-- REQUIRED ACTION --
Using the material below, return exactly the lines between the one holding "#145=DIRECTION('',(0.,0.,-1.));" and the one holding "#176=ADVANCED_FACE('F80',(#175),#164,.F.);", inclusive, and no others.

-- PROVIDED RECORDS --
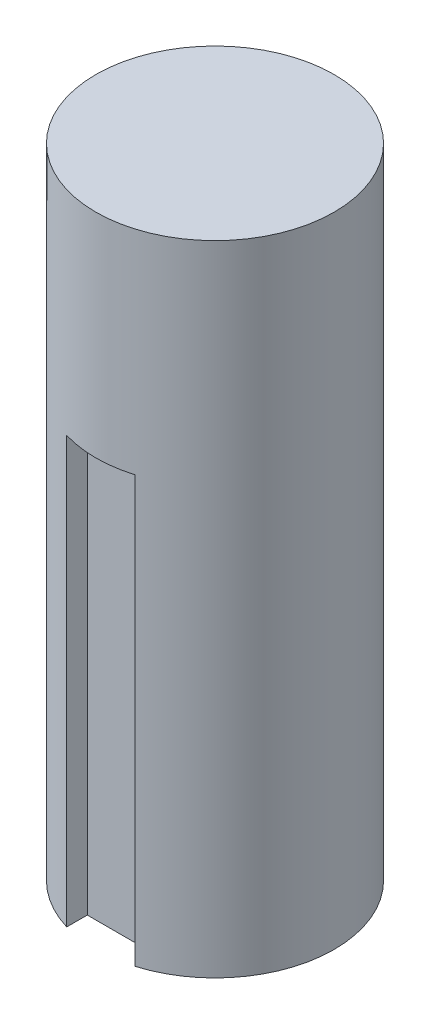
ISO-10303-21;
HEADER;
FILE_DESCRIPTION(('STEP AP214'),'2;1');
FILE_NAME('part.step','',(''),(''),'','','');
FILE_SCHEMA(('AUTOMOTIVE_DESIGN { 1 0 10303 214 1 1 1 1 }'));
ENDSEC;
DATA;
#1=APPLICATION_CONTEXT('core data for automotive mechanical design processes');
#2=APPLICATION_PROTOCOL_DEFINITION('international standard','automotive_design',2000,#1);
#3=PRODUCT_CONTEXT('',#1,'mechanical');
#4=PRODUCT('Part','Part','',(#3));
#5=PRODUCT_RELATED_PRODUCT_CATEGORY('part','',(#4));
#6=PRODUCT_DEFINITION_FORMATION('','',#4);
#7=PRODUCT_DEFINITION_CONTEXT('part definition',#1,'design');
#8=PRODUCT_DEFINITION('design','',#6,#7);
#9=PRODUCT_DEFINITION_SHAPE('','',#8);
#10=(LENGTH_UNIT() NAMED_UNIT(*) SI_UNIT(.MILLI.,.METRE.));
#11=(NAMED_UNIT(*) PLANE_ANGLE_UNIT() SI_UNIT($,.RADIAN.));
#12=(NAMED_UNIT(*) SI_UNIT($,.STERADIAN.) SOLID_ANGLE_UNIT());
#13=UNCERTAINTY_MEASURE_WITH_UNIT(LENGTH_MEASURE(1.E-05),#10,'distance_accuracy_value','');
#14=(GEOMETRIC_REPRESENTATION_CONTEXT(3) GLOBAL_UNCERTAINTY_ASSIGNED_CONTEXT((#13)) GLOBAL_UNIT_ASSIGNED_CONTEXT((#10,
#11,#12)) REPRESENTATION_CONTEXT('',''));
#15=CARTESIAN_POINT('',(0.,0.,0.));
#16=DIRECTION('',(0.,0.,1.));
#17=DIRECTION('',(1.,0.,0.));
#18=AXIS2_PLACEMENT_3D('',#15,#16,#17);
#19=CARTESIAN_POINT('',(0.,150.,0.));
#20=DIRECTION('',(0.,-1.,0.));
#21=DIRECTION('',(0.,0.,-1.));
#22=AXIS2_PLACEMENT_3D('',#19,#20,#21);
#23=CYLINDRICAL_SURFACE('',#22,28.);
#24=CARTESIAN_POINT('',(0.,150.,0.));
#25=DIRECTION('',(0.,1.,0.));
#26=DIRECTION('',(0.,0.,1.));
#27=AXIS2_PLACEMENT_3D('',#24,#25,#26);
#28=CIRCLE('',#27,28.);
#29=CARTESIAN_POINT('',(0.,150.,28.));
#30=VERTEX_POINT('',#29);
#31=EDGE_CURVE('E100',#30,#30,#28,.T.);
#32=ORIENTED_EDGE('',*,*,#31,.F.);
#33=EDGE_LOOP('',(#32));
#34=FACE_BOUND('',#33,.T.);
#35=CARTESIAN_POINT('',(0.,100.,0.));
#36=DIRECTION('',(0.,1.,0.));
#37=DIRECTION('',(0.,0.,1.));
#38=AXIS2_PLACEMENT_3D('',#35,#36,#37);
#39=CIRCLE('',#38,28.);
#40=CARTESIAN_POINT('',(-7.99999999999999,100.,26.8328157299975));
#41=VERTEX_POINT('',#40);
#42=CARTESIAN_POINT('',(8.00000000000001,100.,26.8328157299975));
#43=VERTEX_POINT('',#42);
#44=EDGE_CURVE('E11',#41,#43,#39,.T.);
#45=ORIENTED_EDGE('',*,*,#44,.T.);
#46=DIRECTION('',(0.,-1.,0.));
#47=VECTOR('',#46,1.);
#48=CARTESIAN_POINT('',(8.00000000000001,150.,26.8328157299975));
#49=LINE('',#48,#47);
#50=CARTESIAN_POINT('',(8.,0.,26.8328157299975));
#51=VERTEX_POINT('',#50);
#52=EDGE_CURVE('E97',#43,#51,#49,.T.);
#53=ORIENTED_EDGE('',*,*,#52,.T.);
#54=CARTESIAN_POINT('',(0.,0.,0.));
#55=DIRECTION('',(0.,1.,0.));
#56=DIRECTION('',(0.,0.,1.));
#57=AXIS2_PLACEMENT_3D('',#54,#55,#56);
#58=CIRCLE('',#57,28.);
#59=CARTESIAN_POINT('',(-7.99999999999999,0.,26.8328157299975));
#60=VERTEX_POINT('',#59);
#61=EDGE_CURVE('E99',#51,#60,#58,.T.);
#62=ORIENTED_EDGE('',*,*,#61,.T.);
#63=DIRECTION('',(0.,-1.,0.));
#64=VECTOR('',#63,1.);
#65=CARTESIAN_POINT('',(-7.99999999999999,150.,26.8328157299975));
#66=LINE('',#65,#64);
#67=EDGE_CURVE('E46',#60,#41,#66,.F.);
#68=ORIENTED_EDGE('',*,*,#67,.T.);
#69=EDGE_LOOP('',(#45,#53,#62,#68));
#70=FACE_BOUND('',#69,.T.);
#71=ADVANCED_FACE('F32',(#34,#70),#23,.T.);
#72=CARTESIAN_POINT('',(0.,150.,0.));
#73=DIRECTION('',(0.,1.,0.));
#74=DIRECTION('',(0.,0.,1.));
#75=AXIS2_PLACEMENT_3D('',#72,#73,#74);
#76=PLANE('',#75);
#77=ORIENTED_EDGE('',*,*,#31,.T.);
#78=EDGE_LOOP('',(#77));
#79=FACE_BOUND('',#78,.T.);
#80=ADVANCED_FACE('F120',(#79),#76,.T.);
#81=CARTESIAN_POINT('',(0.,0.,0.));
#82=DIRECTION('',(0.,1.,0.));
#83=DIRECTION('',(0.,0.,1.));
#84=AXIS2_PLACEMENT_3D('',#81,#82,#83);
#85=PLANE('',#84);
#86=ORIENTED_EDGE('',*,*,#61,.F.);
#87=DIRECTION('',(0.,0.,1.));
#88=VECTOR('',#87,1.);
#89=CARTESIAN_POINT('',(8.00000000000001,0.,22.));
#90=LINE('',#89,#88);
#91=CARTESIAN_POINT('',(8.00000000000001,0.,22.));
#92=VERTEX_POINT('',#91);
#93=EDGE_CURVE('E91',#92,#51,#90,.T.);
#94=ORIENTED_EDGE('',*,*,#93,.F.);
#95=DIRECTION('',(1.,0.,0.));
#96=VECTOR('',#95,1.);
#97=CARTESIAN_POINT('',(-7.99999999999999,0.,22.));
#98=LINE('',#97,#96);
#99=CARTESIAN_POINT('',(-7.99999999999999,0.,22.));
#100=VERTEX_POINT('',#99);
#101=EDGE_CURVE('E93',#100,#92,#98,.T.);
#102=ORIENTED_EDGE('',*,*,#101,.F.);
#103=DIRECTION('',(0.,0.,1.));
#104=VECTOR('',#103,1.);
#105=CARTESIAN_POINT('',(-7.99999999999999,0.,0.));
#106=LINE('',#105,#104);
#107=EDGE_CURVE('E39',#100,#60,#106,.T.);
#108=ORIENTED_EDGE('',*,*,#107,.T.);
#109=EDGE_LOOP('',(#86,#94,#102,#108));
#110=FACE_BOUND('',#109,.T.);
#111=ADVANCED_FACE('F106',(#110),#85,.F.);
#112=CARTESIAN_POINT('',(0.,100.,0.));
#113=DIRECTION('',(0.,1.,0.));
#114=DIRECTION('',(0.,0.,1.));
#115=AXIS2_PLACEMENT_3D('',#112,#113,#114);
#116=PLANE('',#115);
#117=ORIENTED_EDGE('',*,*,#44,.F.);
#118=DIRECTION('',(0.,0.,-1.));
#119=VECTOR('',#118,1.);
#120=CARTESIAN_POINT('',(-7.99999999999999,100.,22.));
#121=LINE('',#120,#119);
#122=CARTESIAN_POINT('',(-7.99999999999999,100.,22.));
#123=VERTEX_POINT('',#122);
#124=EDGE_CURVE('E70',#41,#123,#121,.T.);
#125=ORIENTED_EDGE('',*,*,#124,.T.);
#126=DIRECTION('',(1.,0.,0.));
#127=VECTOR('',#126,1.);
#128=CARTESIAN_POINT('',(-7.99999999999999,100.,22.));
#129=LINE('',#128,#127);
#130=CARTESIAN_POINT('',(8.00000000000001,100.,22.));
#131=VERTEX_POINT('',#130);
#132=EDGE_CURVE('E75',#123,#131,#129,.T.);
#133=ORIENTED_EDGE('',*,*,#132,.T.);
#134=DIRECTION('',(0.,0.,1.));
#135=VECTOR('',#134,1.);
#136=CARTESIAN_POINT('',(8.00000000000001,100.,22.));
#137=LINE('',#136,#135);
#138=EDGE_CURVE('E76',#131,#43,#137,.T.);
#139=ORIENTED_EDGE('',*,*,#138,.T.);
#140=EDGE_LOOP('',(#117,#125,#133,#139));
#141=FACE_BOUND('',#140,.T.);
#142=ADVANCED_FACE('F72',(#141),#116,.F.);
#143=CARTESIAN_POINT('',(8.00000000000001,100.,22.));
#144=DIRECTION('',(1.,0.,0.));
#145=DIRECTION('',(0.,0.,-1.));
#146=AXIS2_PLACEMENT_3D('',#143,#144,#145);
#147=PLANE('',#146);
#148=ORIENTED_EDGE('',*,*,#138,.F.);
#149=DIRECTION('',(0.,-1.,0.));
#150=VECTOR('',#149,1.);
#151=CARTESIAN_POINT('',(8.00000000000001,100.,22.));
#152=LINE('',#151,#150);
#153=EDGE_CURVE('E84',#131,#92,#152,.T.);
#154=ORIENTED_EDGE('',*,*,#153,.T.);
#155=ORIENTED_EDGE('',*,*,#93,.T.);
#156=ORIENTED_EDGE('',*,*,#52,.F.);
#157=EDGE_LOOP('',(#148,#154,#155,#156));
#158=FACE_BOUND('',#157,.T.);
#159=ADVANCED_FACE('F109',(#158),#147,.F.);
#160=CARTESIAN_POINT('',(-7.99999999999999,100.,22.));
#161=DIRECTION('',(-1.,0.,0.));
#162=DIRECTION('',(0.,0.,1.));
#163=AXIS2_PLACEMENT_3D('',#160,#161,#162);
#164=PLANE('',#163);
#165=ORIENTED_EDGE('',*,*,#107,.F.);
#166=DIRECTION('',(0.,-1.,0.));
#167=VECTOR('',#166,1.);
#168=CARTESIAN_POINT('',(-7.99999999999999,100.,22.));
#169=LINE('',#168,#167);
#170=EDGE_CURVE('E79',#123,#100,#169,.T.);
#171=ORIENTED_EDGE('',*,*,#170,.F.);
#172=ORIENTED_EDGE('',*,*,#124,.F.);
#173=ORIENTED_EDGE('',*,*,#67,.F.);
#174=EDGE_LOOP('',(#165,#171,#172,#173));
#175=FACE_BOUND('',#174,.T.);
#176=ADVANCED_FACE('F80',(#175),#164,.F.);
#177=CARTESIAN_POINT('',(-7.99999999999999,100.,22.));
#178=DIRECTION('',(0.,0.,-1.));
#179=DIRECTION('',(-1.,0.,0.));
#180=AXIS2_PLACEMENT_3D('',#177,#178,#179);
#181=PLANE('',#180);
#182=ORIENTED_EDGE('',*,*,#101,.T.);
#183=ORIENTED_EDGE('',*,*,#153,.F.);
#184=ORIENTED_EDGE('',*,*,#132,.F.);
#185=ORIENTED_EDGE('',*,*,#170,.T.);
#186=EDGE_LOOP('',(#182,#183,#184,#185));
#187=FACE_BOUND('',#186,.T.);
#188=ADVANCED_FACE('F86',(#187),#181,.F.);
#189=CLOSED_SHELL('',(#71,#80,#111,#142,#159,#176,#188));
#190=MANIFOLD_SOLID_BREP('B2',#189);
#191=ADVANCED_BREP_SHAPE_REPRESENTATION('',(#18,#190),#14);
#192=SHAPE_DEFINITION_REPRESENTATION(#9,#191);
ENDSEC;
END-ISO-10303-21;

-- ANSWER FOR THE TASK --
#145=DIRECTION('',(0.,0.,-1.));
#146=AXIS2_PLACEMENT_3D('',#143,#144,#145);
#147=PLANE('',#146);
#148=ORIENTED_EDGE('',*,*,#138,.F.);
#149=DIRECTION('',(0.,-1.,0.));
#150=VECTOR('',#149,1.);
#151=CARTESIAN_POINT('',(8.00000000000001,100.,22.));
#152=LINE('',#151,#150);
#153=EDGE_CURVE('E84',#131,#92,#152,.T.);
#154=ORIENTED_EDGE('',*,*,#153,.T.);
#155=ORIENTED_EDGE('',*,*,#93,.T.);
#156=ORIENTED_EDGE('',*,*,#52,.F.);
#157=EDGE_LOOP('',(#148,#154,#155,#156));
#158=FACE_BOUND('',#157,.T.);
#159=ADVANCED_FACE('F109',(#158),#147,.F.);
#160=CARTESIAN_POINT('',(-7.99999999999999,100.,22.));
#161=DIRECTION('',(-1.,0.,0.));
#162=DIRECTION('',(0.,0.,1.));
#163=AXIS2_PLACEMENT_3D('',#160,#161,#162);
#164=PLANE('',#163);
#165=ORIENTED_EDGE('',*,*,#107,.F.);
#166=DIRECTION('',(0.,-1.,0.));
#167=VECTOR('',#166,1.);
#168=CARTESIAN_POINT('',(-7.99999999999999,100.,22.));
#169=LINE('',#168,#167);
#170=EDGE_CURVE('E79',#123,#100,#169,.T.);
#171=ORIENTED_EDGE('',*,*,#170,.F.);
#172=ORIENTED_EDGE('',*,*,#124,.F.);
#173=ORIENTED_EDGE('',*,*,#67,.F.);
#174=EDGE_LOOP('',(#165,#171,#172,#173));
#175=FACE_BOUND('',#174,.T.);
#176=ADVANCED_FACE('F80',(#175),#164,.F.);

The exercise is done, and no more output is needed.